Department of Urology, Asan Medical Center, University of Ulsan College of Medicine, Seoul, Korea.
Department of Urology, Asan Medical Center, University of Ulsan College of Medicine, Seoul, Korea.
Clin Genitourin Cancer. 2017 Dec;15(6):717-723. doi: 10.1016/j.clgc.2017.05.010. Epub 2017 May 10.
We evaluated the oncological outcomes of synchronous or metachronous brain metastasis (BM) of metastatic renal cell carcinoma (RCC) according to clinicopathologic factors.
Patients with metastatic RCC (n = 93) with synchronous and metachronous BM were retrospectively identified. We analyzed patients and tumor characteristics, treatment methods, prognostic factors, BM progression, and overall survival (OS).
Seventy-six patients (81.7%) received local therapy (stereotactic radiosurgery [60.2%], radiation therapy [22.6%], and neurosurgery [10.8%]), and 54 patients (58.1%) were treated with systemic medical therapy.
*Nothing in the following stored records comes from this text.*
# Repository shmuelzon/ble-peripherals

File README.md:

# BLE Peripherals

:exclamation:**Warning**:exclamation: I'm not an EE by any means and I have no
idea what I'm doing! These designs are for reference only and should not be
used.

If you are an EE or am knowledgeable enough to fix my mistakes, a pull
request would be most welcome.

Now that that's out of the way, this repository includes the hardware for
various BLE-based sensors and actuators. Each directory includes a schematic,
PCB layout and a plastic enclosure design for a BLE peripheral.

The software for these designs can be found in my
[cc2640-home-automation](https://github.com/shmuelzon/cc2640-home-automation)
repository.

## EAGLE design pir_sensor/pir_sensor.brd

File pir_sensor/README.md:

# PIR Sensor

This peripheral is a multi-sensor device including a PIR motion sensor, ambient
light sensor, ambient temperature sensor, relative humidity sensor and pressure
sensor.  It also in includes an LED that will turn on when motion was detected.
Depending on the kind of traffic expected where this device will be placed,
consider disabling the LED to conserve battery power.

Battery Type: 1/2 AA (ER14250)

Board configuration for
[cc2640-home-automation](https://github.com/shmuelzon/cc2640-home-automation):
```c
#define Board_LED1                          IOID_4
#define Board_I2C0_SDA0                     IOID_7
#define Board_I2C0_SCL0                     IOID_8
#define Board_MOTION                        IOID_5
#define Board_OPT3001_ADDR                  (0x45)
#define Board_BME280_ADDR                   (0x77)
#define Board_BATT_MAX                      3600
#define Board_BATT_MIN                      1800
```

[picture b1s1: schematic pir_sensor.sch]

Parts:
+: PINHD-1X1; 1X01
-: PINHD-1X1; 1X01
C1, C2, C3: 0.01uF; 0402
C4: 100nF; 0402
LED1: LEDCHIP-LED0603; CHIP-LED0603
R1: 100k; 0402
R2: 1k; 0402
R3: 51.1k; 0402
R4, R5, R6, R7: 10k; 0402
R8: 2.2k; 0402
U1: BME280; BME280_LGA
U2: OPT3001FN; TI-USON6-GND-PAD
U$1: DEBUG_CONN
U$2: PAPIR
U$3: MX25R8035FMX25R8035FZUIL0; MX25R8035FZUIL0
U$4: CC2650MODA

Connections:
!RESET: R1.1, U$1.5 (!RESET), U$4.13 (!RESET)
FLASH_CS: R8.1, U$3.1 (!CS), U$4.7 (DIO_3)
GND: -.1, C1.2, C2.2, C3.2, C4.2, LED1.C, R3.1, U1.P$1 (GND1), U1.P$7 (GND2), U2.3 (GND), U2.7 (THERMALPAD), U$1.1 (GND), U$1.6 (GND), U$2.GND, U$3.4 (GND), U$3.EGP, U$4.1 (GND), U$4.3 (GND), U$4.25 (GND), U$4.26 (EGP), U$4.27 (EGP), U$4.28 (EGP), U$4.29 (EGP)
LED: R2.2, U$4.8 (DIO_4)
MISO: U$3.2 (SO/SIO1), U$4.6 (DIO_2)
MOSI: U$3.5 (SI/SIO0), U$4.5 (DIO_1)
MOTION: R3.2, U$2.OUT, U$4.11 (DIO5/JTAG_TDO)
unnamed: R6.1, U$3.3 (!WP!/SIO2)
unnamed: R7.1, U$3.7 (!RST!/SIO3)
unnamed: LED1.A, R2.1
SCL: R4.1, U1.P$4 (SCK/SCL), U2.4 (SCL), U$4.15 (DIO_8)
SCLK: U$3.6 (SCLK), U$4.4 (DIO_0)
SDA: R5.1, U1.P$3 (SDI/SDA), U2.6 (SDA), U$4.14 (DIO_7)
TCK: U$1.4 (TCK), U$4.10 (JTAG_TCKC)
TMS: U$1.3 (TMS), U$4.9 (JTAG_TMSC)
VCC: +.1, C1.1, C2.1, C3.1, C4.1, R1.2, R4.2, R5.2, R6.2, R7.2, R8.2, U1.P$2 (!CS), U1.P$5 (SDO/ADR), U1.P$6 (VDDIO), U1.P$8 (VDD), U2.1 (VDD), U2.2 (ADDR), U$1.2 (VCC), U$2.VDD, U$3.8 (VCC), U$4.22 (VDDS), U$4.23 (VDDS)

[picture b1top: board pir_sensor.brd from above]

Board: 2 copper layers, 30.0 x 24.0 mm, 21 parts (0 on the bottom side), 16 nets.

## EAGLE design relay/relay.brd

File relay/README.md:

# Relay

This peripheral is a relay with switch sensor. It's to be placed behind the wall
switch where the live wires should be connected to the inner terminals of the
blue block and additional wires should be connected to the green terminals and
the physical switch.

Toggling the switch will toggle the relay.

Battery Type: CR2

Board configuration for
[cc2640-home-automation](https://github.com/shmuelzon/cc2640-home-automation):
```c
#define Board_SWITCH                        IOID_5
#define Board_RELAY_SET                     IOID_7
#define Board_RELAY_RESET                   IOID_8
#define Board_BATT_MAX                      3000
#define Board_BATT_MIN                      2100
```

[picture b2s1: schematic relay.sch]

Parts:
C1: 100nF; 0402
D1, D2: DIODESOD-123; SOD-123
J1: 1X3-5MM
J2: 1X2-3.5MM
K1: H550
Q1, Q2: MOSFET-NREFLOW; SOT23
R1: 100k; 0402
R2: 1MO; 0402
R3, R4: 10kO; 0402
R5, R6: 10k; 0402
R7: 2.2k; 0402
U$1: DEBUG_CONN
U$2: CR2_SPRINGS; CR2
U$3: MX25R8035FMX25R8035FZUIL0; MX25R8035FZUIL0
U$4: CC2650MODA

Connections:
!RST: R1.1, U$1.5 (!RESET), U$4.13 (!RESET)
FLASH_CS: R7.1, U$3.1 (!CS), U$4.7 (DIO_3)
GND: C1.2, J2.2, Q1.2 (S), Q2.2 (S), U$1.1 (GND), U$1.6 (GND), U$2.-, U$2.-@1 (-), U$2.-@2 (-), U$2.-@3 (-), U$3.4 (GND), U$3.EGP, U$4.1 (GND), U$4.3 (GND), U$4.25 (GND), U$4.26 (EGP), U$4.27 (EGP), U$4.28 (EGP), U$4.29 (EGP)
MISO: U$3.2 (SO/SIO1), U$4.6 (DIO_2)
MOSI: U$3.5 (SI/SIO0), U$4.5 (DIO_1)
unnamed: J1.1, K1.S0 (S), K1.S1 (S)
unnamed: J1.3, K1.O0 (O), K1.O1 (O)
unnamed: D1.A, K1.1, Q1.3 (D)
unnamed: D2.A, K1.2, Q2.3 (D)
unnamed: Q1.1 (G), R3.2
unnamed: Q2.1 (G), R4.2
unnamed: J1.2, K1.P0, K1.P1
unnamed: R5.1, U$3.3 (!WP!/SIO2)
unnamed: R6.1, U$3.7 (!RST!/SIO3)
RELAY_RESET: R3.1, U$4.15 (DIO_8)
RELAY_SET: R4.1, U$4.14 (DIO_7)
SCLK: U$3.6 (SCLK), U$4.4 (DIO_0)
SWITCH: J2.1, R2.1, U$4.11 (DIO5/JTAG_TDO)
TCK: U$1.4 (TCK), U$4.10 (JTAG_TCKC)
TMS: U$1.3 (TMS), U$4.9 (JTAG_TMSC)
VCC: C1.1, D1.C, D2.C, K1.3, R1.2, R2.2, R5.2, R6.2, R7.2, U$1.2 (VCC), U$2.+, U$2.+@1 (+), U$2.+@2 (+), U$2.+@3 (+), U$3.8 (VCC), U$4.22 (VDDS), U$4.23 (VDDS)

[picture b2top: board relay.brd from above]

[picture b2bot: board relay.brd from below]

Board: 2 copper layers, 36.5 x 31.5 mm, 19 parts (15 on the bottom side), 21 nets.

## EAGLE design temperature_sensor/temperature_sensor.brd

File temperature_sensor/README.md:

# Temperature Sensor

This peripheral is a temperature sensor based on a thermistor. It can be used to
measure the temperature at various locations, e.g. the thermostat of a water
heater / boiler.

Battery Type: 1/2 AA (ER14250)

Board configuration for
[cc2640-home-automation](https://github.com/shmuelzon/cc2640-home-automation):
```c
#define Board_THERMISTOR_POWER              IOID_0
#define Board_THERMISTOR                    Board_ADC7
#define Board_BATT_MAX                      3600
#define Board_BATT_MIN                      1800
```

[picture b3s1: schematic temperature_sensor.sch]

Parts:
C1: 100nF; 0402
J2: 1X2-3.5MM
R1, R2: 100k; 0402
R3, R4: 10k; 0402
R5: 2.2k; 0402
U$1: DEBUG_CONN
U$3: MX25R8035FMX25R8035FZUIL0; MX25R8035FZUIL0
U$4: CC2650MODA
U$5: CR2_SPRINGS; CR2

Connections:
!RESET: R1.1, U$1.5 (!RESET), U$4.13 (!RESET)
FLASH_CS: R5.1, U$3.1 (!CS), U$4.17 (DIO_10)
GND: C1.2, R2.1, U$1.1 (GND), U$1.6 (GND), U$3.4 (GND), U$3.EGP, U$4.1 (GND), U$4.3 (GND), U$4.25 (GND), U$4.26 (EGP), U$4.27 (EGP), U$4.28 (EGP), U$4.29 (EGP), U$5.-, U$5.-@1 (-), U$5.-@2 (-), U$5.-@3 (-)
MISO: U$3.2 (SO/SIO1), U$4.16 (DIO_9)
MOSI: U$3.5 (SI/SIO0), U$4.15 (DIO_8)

In multivariable analysis, poor Memorial Sloan-Kettering Cancer Center (MSKCC) risk (hazard ratio [HR] 3.672; 95% confidence interval [CI], 1.441-9.36; P = .0064), sarcomatoid component (HR 4.264; 95% CI, 2.062-8.820; P = .0001), and multiple BMs (HR 2.838; 95% CI, 1.690-4.767; P = .0001) were prognostic indicators of a poorer OS outcome. Local (HR 0.436; 95% CI, 0.237-0.802; P = .0076) and systemic treatment (HR 0.322; 95% CI, 0.190-0.548; P < .0001) were independent factors for a better OS. Although OS from initial RCC diagnosis in patients with metachronous BM was better than that for patients with synchronous BM, there were no differences found between synchronous and metachronous patients in terms of BM progression and OS after the diagnosis of BM.
Poor MSKCC risk, sarcomatoid component of histology, and multiple BMs are prognostic indicators for poor OS in patients with BM from metastatic RCC. Systemic and/or local treatment improves the OS. Because the type of BM, synchronous or metachronous, does not influence BM progression or the OS outcome, routine evaluation for BM is not recommended.
我们根据临床病理因素评估转移性肾细胞癌(RCC)的同步或异时性脑转移(BM)的肿瘤学结局。
回顾性地确定了 93 例转移性 RCC 患者(n=93)的同步和异时性 BM。我们分析了患者和肿瘤特征、治疗方法、预后因素、BM 进展和总生存期(OS)。
76 例(81.7%)患者接受了局部治疗(立体定向放射外科治疗[60.2%]、放射治疗[22.6%]和神经外科手术[10.8%]),54 例(58.1%)患者接受了全身药物治疗。多变量分析显示,较差的纪念斯隆-凯特琳癌症中心(MSKCC)风险(危险比[HR]3.672;95%置信区间[CI]1.441-9.36;P=0.0064)、肉瘤样成分(HR 4.264;95%CI,2.062-8.820;P=0.0001)和多个 BM(HR 2.838;95%CI,1.690-4.767;P=0.0001)是 OS 不良结局的预后指标。局部治疗(HR 0.436;95%CI,0.237-0.802;P=0.0076)和全身治疗(HR 0.322;95%CI,0.190-0.548;P<0.0001)是 OS 改善的独立因素。虽然异时性 BM 患者的初始 RCC 诊断后的 OS 优于同步性 BM 患者,但在 BM 诊断后的 BM 进展和 OS 方面,同步性和异时性患者之间没有差异。
较差的 MSKCC 风险、肉瘤样组织学成分和多个 BM 是转移性 RCC 患者 BM 中预后不良的指标。全身和/或局部治疗可改善 OS。由于 BM 的类型(同步或异时性)不影响 BM 进展或 OS 结局,因此不建议常规评估 BM。